僕を助けに現れた紳士もまた、全裸だった。
鍛え抜かれた筋肉と腹筋が印象的な紳士だった。
大切な部分はバスタオルっぽいもので隠されていた。
全裸! そう、ここは限りなく全裸な世界!
なんて狂気に満ちた世界観なんだ。
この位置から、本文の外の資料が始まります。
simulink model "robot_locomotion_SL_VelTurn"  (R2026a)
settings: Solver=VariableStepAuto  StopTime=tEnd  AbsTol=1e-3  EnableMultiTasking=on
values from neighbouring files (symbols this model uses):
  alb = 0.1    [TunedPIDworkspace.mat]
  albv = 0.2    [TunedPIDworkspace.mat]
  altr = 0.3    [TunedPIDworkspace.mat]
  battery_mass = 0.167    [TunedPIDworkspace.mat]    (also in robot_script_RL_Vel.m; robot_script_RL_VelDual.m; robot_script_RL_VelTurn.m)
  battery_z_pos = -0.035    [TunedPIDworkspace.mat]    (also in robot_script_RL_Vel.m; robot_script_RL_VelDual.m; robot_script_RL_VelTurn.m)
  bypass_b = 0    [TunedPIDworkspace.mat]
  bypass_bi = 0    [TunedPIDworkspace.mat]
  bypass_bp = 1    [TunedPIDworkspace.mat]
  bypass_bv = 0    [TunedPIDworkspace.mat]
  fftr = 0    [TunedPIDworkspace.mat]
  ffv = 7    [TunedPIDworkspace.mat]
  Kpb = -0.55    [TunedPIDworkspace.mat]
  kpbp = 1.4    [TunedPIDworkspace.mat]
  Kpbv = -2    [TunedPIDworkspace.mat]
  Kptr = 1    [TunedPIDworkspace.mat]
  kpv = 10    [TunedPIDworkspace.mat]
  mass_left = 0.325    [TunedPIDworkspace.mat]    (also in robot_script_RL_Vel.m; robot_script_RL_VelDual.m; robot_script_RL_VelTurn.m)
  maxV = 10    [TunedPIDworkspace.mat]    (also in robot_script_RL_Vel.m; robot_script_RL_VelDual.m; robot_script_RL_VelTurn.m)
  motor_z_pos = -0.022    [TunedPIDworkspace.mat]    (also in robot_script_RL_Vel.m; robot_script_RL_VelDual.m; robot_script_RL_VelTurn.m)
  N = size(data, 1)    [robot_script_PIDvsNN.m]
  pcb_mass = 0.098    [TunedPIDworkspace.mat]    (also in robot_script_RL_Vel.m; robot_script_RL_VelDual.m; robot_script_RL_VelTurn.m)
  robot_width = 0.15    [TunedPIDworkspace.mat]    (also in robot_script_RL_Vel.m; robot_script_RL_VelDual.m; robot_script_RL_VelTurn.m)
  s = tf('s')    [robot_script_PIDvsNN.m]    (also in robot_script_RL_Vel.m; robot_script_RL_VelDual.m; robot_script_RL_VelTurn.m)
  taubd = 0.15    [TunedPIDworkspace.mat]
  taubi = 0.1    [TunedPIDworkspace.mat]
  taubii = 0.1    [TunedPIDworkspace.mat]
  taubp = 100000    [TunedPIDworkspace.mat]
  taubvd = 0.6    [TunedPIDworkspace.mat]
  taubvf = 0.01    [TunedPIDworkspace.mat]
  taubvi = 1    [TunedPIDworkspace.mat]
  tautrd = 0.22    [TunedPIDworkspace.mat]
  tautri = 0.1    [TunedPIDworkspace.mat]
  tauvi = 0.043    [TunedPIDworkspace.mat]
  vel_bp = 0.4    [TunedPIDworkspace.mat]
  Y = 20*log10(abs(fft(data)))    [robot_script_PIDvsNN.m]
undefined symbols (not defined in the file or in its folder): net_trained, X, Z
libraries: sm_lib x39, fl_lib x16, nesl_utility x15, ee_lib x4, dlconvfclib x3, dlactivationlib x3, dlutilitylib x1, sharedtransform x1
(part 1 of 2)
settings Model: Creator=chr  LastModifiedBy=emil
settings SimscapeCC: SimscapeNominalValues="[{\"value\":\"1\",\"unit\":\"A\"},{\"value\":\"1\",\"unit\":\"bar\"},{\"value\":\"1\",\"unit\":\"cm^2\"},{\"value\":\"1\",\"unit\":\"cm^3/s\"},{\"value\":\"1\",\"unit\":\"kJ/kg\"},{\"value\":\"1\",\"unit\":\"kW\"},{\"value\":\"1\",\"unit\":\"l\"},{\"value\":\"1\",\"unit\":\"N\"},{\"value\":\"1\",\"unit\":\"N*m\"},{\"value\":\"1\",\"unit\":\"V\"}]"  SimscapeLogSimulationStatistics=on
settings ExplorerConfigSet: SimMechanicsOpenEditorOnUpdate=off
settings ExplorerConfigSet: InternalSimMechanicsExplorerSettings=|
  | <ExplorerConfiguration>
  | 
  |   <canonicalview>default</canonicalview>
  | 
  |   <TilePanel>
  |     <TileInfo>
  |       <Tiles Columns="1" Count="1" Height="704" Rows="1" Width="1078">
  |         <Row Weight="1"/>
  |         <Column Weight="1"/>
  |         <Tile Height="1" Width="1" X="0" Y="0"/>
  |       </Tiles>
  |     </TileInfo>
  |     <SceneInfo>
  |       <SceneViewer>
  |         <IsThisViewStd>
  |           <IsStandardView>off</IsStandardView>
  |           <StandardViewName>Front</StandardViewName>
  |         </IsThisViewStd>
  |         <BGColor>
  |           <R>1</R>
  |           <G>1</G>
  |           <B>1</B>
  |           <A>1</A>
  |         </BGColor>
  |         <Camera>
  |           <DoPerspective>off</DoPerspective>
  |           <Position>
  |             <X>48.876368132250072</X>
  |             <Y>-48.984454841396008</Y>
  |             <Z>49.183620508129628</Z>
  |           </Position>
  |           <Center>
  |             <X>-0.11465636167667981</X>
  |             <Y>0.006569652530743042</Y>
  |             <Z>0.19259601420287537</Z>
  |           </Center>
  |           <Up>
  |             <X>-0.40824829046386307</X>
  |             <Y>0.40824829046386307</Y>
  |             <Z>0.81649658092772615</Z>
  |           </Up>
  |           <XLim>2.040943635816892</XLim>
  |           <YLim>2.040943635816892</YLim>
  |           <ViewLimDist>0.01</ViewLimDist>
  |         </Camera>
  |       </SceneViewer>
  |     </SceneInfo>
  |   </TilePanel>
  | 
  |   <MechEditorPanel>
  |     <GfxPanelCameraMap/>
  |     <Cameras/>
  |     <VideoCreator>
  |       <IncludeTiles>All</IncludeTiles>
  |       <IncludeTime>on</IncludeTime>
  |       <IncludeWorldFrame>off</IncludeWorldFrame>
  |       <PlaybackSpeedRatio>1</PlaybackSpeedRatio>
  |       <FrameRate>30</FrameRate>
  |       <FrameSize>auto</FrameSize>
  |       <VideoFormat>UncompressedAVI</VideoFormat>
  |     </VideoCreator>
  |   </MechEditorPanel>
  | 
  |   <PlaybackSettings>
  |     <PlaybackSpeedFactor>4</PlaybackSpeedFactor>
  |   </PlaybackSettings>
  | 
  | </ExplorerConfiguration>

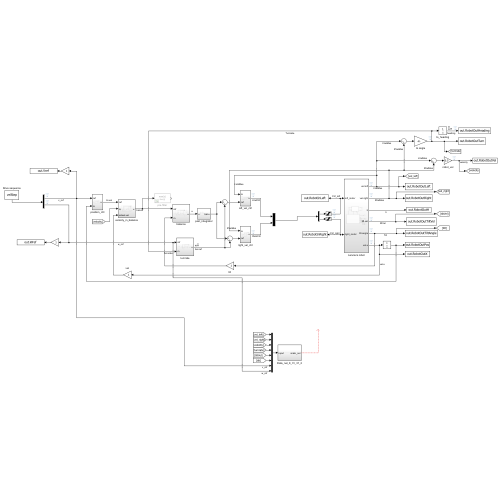
[thumbnail: Simulink's stored preview of the top-level diagram]
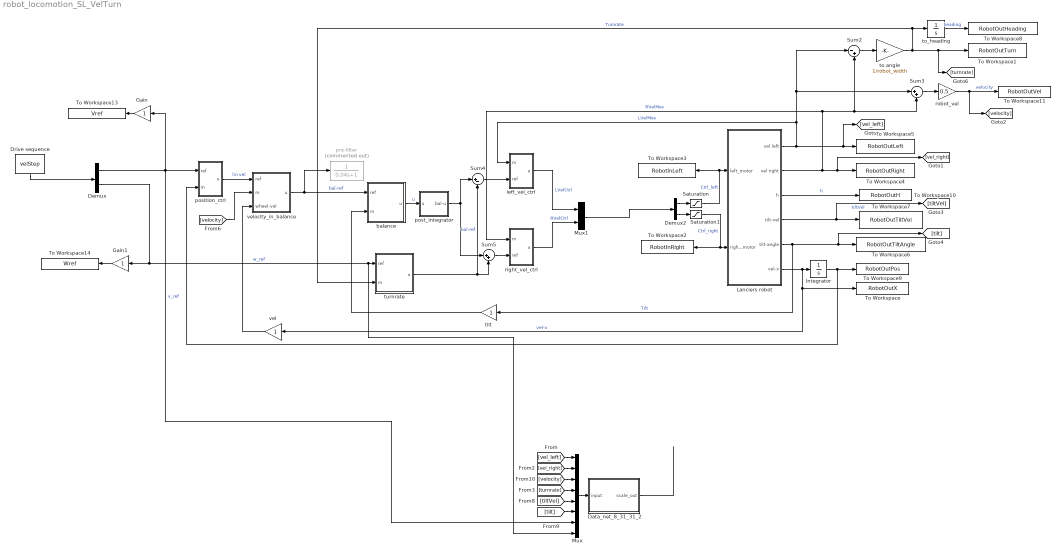
== system robot_locomotion_SL_VelTurn ==
  Data_net_8_31_31_2 : Subsystem
  Demux : Demux  Outputs=2
  Demux2 : Demux  Outputs=2
  Drive sequence : FromWorkspace  VariableName=velStep  Interpolate=off  OutputAfterFinalValue=Setting to zero
  Gain : Gain
  Gain1 : Gain
  Integrator : Integrator
  Lanciers robot : Subsystem
  Mux : Mux  Inputs=8
  Mux1 : Mux  Inputs=2
  Saturation : Saturate  UpperLimit=maxV  LowerLimit=-maxV
  Saturation1 : Saturate  UpperLimit=maxV  LowerLimit=-maxV
  Sum2 : Sum  Inputs=|-+
  Sum3 : Sum  Inputs=|++
  Sum4 : Sum  Inputs=|+-
  Sum5 : Sum  Inputs=|++
  To Workspace : ToWorkspace  VariableName=RobotOutX  SaveFormat=Timeseries  SampleTime=-1
  To Workspace1 : ToWorkspace  VariableName=RobotOutTurn  SaveFormat=Timeseries  SampleTime=-1
  To Workspace10 : ToWorkspace  VariableName=RobotOutH  SaveFormat=Timeseries  SampleTime=-1
  To Workspace11 : ToWorkspace  VariableName=RobotOutVel  SaveFormat=Timeseries  SampleTime=-1
  To Workspace13 : ToWorkspace  VariableName=Vref  SaveFormat=Timeseries  SampleTime=-1
  To Workspace14 : ToWorkspace  VariableName=Wref  SaveFormat=Timeseries  SampleTime=-1
  To Workspace2 : ToWorkspace  VariableName=RobotInRight  SaveFormat=Timeseries  SampleTime=-1
  To Workspace3 : ToWorkspace  VariableName=RobotInLeft  SaveFormat=Timeseries  SampleTime=-1
  To Workspace4 : ToWorkspace  VariableName=RobotOutRight  SaveFormat=Timeseries  SampleTime=-1
  To Workspace5 : ToWorkspace  VariableName=RobotOutLeft  SaveFormat=Timeseries  SampleTime=-1
  To Workspace6 : ToWorkspace  VariableName=RobotOutTiltAngle  SaveFormat=Timeseries  SampleTime=-1
  To Workspace7 : ToWorkspace  VariableName=RobotOutTiltVel  SaveFormat=Timeseries  SampleTime=-1
  To Workspace8 : ToWorkspace  VariableName=RobotOutHeading  SaveFormat=Timeseries  SampleTime=-1
  To Workspace9 : ToWorkspace  VariableName=RobotOutPos  SaveFormat=Timeseries  SampleTime=-1
  balance : Subsystem
  left_vel_ctrl : Subsystem
  position_ctrl : Subsystem
  post_integrator : Subsystem
  pre-filter : TransferFcn  Commented=on  Denominator=[0.04 1]
  right_vel_ctrl : Subsystem
  robot_vel : Gain  Gain=0.5
  tilt : Gain
  to angle : Gain  Gain=1/robot_width
  to_heading : Integrator
  turnrate : Subsystem
  vel : Gain
  velocity_in_balance : Subsystem
  wires:
  Drive sequence/1 -> Demux/1
  Sum2/1 -> to angle/1
  Sum3/1 -> robot_vel/1
  robot_vel/1 -> [velocity], To Workspace11/1  "velocity"
  to angle/1 -> [turnrate], To Workspace1/1, to_heading/1, turnrate/2(m)  "Turnrate"
  Lanciers robot/1(vel left) -> [vel_left], To Workspace5/1, Sum2/1, Sum3/1, left_vel_ctrl/1(m)  "LVelMes"
  Lanciers robot/2(vel right) -> Sum3/2, Sum2/2, right_vel_ctrl/1(m), [vel_right], To Workspace4/1  "RVelMes"
  Lanciers robot/5(tilt-angle) -> tilt/1, [tilt], To Workspace6/1  "Tilt"
  Sum4/1 -> left_vel_ctrl/2(ref)
  Sum5/1 -> right_vel_ctrl/2(ref)
  turnrate/1(u) -> Sum4/2, Sum5/2  "bal-ref"
  position_ctrl/1(u) -> velocity_in_balance/1(ref)  "lin vel"
  Demux/2 -> Mux/8, turnrate/1(ref), Gain1/1  "w_ref"
  tilt/1 -> balance/2(m)
  post_integrator/1(bal-u) -> Sum5/1, Sum4/1
  Lanciers robot/6(vel-x) -> vel/1, To Workspace/1, Integrator/1  "vel-x"
  balance/1(u) -> post_integrator/1(u)  "u"
  Lanciers robot/4(tilt-vel) -> [tiltVel], To Workspace7/1  "tiltVel"
  vel/1 -> velocity_in_balance/3(wheel-vel)
  Demux/1 -> position_ctrl/1(ref), Gain/1, Mux/7  "v_ref"
  Integrator/1 -> To Workspace9/1, position_ctrl/2(m)
  to_heading/1 -> To Workspace8/1  "heading"
  velocity_in_balance/1(u) -> pre-filter/1, balance/1(ref)  "bal-ref"
  Lanciers robot/3(h) -> To Workspace10/1  "h"
  Demux2/2 -> Saturation1/1
  Gain/1 -> To Workspace13/1
  Gain1/1 -> To Workspace14/1
  Demux2/1 -> Saturation/1
  Saturation/1 -> To Workspace3/1, Lanciers robot/1(left_motor)  "Ctrl_left"
  Saturation1/1 -> Lanciers robot/2(right_motor), To Workspace2/1  "Ctrl_right"
  right_vel_ctrl/1(u) -> Mux1/2  "RVelCtrl"
  left_vel_ctrl/1(u) -> Mux1/1  "LVelCtrl"
  [velocity] -> velocity_in_balance/2(m)
  [vel_left] -> Mux/1
  [vel_right] -> Mux/2
  Mux/1 -> Data_net_8_31_31_2/1(input)
  [velocity] -> Mux/3
  [turnrate] -> Mux/4
  [tiltVel] -> Mux/5
  [tilt] -> Mux/6
  Mux1/1 -> Demux2/1
  Data_net_8_31_31_2/1(scale_out) -> ?

== system robot_locomotion_SL_VelTurn/Data_net_8_31_31_2 ==
  input : Inport  PortDimensions=[8]
  FC1 : dlconvfclib/Fully Connected Layer  Layer=net_trained.Layers(2)  OutMin=[]  OutMax=[]  WeightsDataTypeStr=Inherit: Inherit via back propagation  WeightsMin=[]  WeightsMax=[]  BiasDataTypeStr=Inherit: Inherit via back propagation  BiasMin=[]  BiasMax=[]  AccumMin=[]  AccumMax=[]  InternalRndMeth=Floor  InternalSaturateOnIntegerOverflow=off  SampleTime=-1
      settings: DataFormat=C
  FC2 : dlconvfclib/Fully Connected Layer  Layer=net_trained.Layers(4)  OutMin=[]  OutMax=[]  WeightsDataTypeStr=Inherit: Inherit via back propagation  WeightsMin=[]  WeightsMax=[]  BiasDataTypeStr=Inherit: Inherit via back propagation  BiasMin=[]  BiasMax=[]  AccumMin=[]  AccumMax=[]  InternalRndMeth=Floor  InternalSaturateOnIntegerOverflow=off  SampleTime=-1
      settings: DataFormat=C
  FC3 : dlconvfclib/Fully Connected Layer  Layer=net_trained.Layers(6)  OutMin=[]  OutMax=[]  WeightsDataTypeStr=Inherit: Inherit via back propagation  WeightsMin=[]  WeightsMax=[]  BiasDataTypeStr=Inherit: Inherit via back propagation  BiasMin=[]  BiasMax=[]  AccumMin=[]  AccumMax=[]  InternalRndMeth=Floor  InternalSaturateOnIntegerOverflow=off  SampleTime=-1
      settings: DataFormat=C
  Relu1 : dlactivationlib/ReLU Layer  OutMin=[]  OutMax=[]  SampleTime=-1
  Relu2 : dlactivationlib/ReLU Layer  OutMin=[]  OutMax=[]  SampleTime=-1
  scale : dlutilitylib/Scaling Layer  Scale=net_trained.Layers(8).Scale  OutMin=[]  OutMax=[]  ScaleDataTypeStr=Inherit: Inherit via back propagation  ScaleMin=[]  ScaleMax=[]  OffsetDataTypeStr=Inherit: Inherit via back propagation  OffsetMin=[]  OffsetMax=[]  AccumMin=[]  AccumMax=[]  InternalRndMeth=Floor  InternalSaturateOnIntegerOverflow=off  SampleTime=-1  Offset=net_trained.Layers(8).Offset
      settings: DataFormat=C
  tanh : dlactivationlib/Tanh Layer  ApproximationMethod=None  OutMin=[]  OutMax=[]  SampleTime=-1
  scale_out : Outport
  wires:
  FC3/1 -> tanh/1
  FC2/1 -> Relu2/1
  tanh/1 -> scale/1
  input/1 -> FC1/1
  Relu2/1 -> FC3/1
  FC1/1 -> Relu1/1
  scale/1 -> scale_out/1
  Relu1/1 -> FC2/1

== system robot_locomotion_SL_VelTurn/Lanciers robot ==
  left_motor : Inport
  right_motor : Inport  Port=2
  Reference Environment : Subsystem
      settings: PortSchema="{\"entries\":[{\"content\":{\"sides\":[{\"content\":{},\"type\":\"ConnectorPlacement.EquallySpacedRectSide\",\"uuid\":\"28536c2c-3acf-4059-bdab-afc711835bc2\"},{\"content\":{\"connectorIds\":[\"Out1\",\"Out2\",\"Out3\",\"Out4\",\"Out5\"],\"side\":\"RIGHT\"},\"type\":\"ConnectorPlacement.EquallySpacedRectSide\",\"uuid\":\"b1b47e0d-84ad-4acc-8fc9-0385fdd57c1d\"},{\"content\":{\"connectorIds\":[\"Out6\",\"LConn1\",\"LConn2\"],\"side\":\"TOP\"},\"type\":\"ConnectorPlacement.EquallySpacedRectSide\",\"uuid\":\"6bbf457b-7959-4bee-a0d8-17cc0e237686\"}]},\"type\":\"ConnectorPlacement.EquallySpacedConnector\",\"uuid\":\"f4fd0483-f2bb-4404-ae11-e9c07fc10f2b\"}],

誰も彼もが平気で全裸でうろつくなんて。
そうじゃない!
冷静に考えるんだ! ここは温泉だ! 誰だって全裸になるに決まってる! そうじゃなかったらむしろおかしい!
――おかしいのはここが混浴なことだ!
エルフっ娘は全裸の紳士を見るなり、心底驚愕した様子でのけぞった。
「なっ、先生!? どうしてここに!?」
「君はここが混浴だと気づいていなかったのか?」
どうやらこのエルフっ娘と紳士は知り合いらしい。というか先生とか言ってるので、多分、教師と生徒なのだろう。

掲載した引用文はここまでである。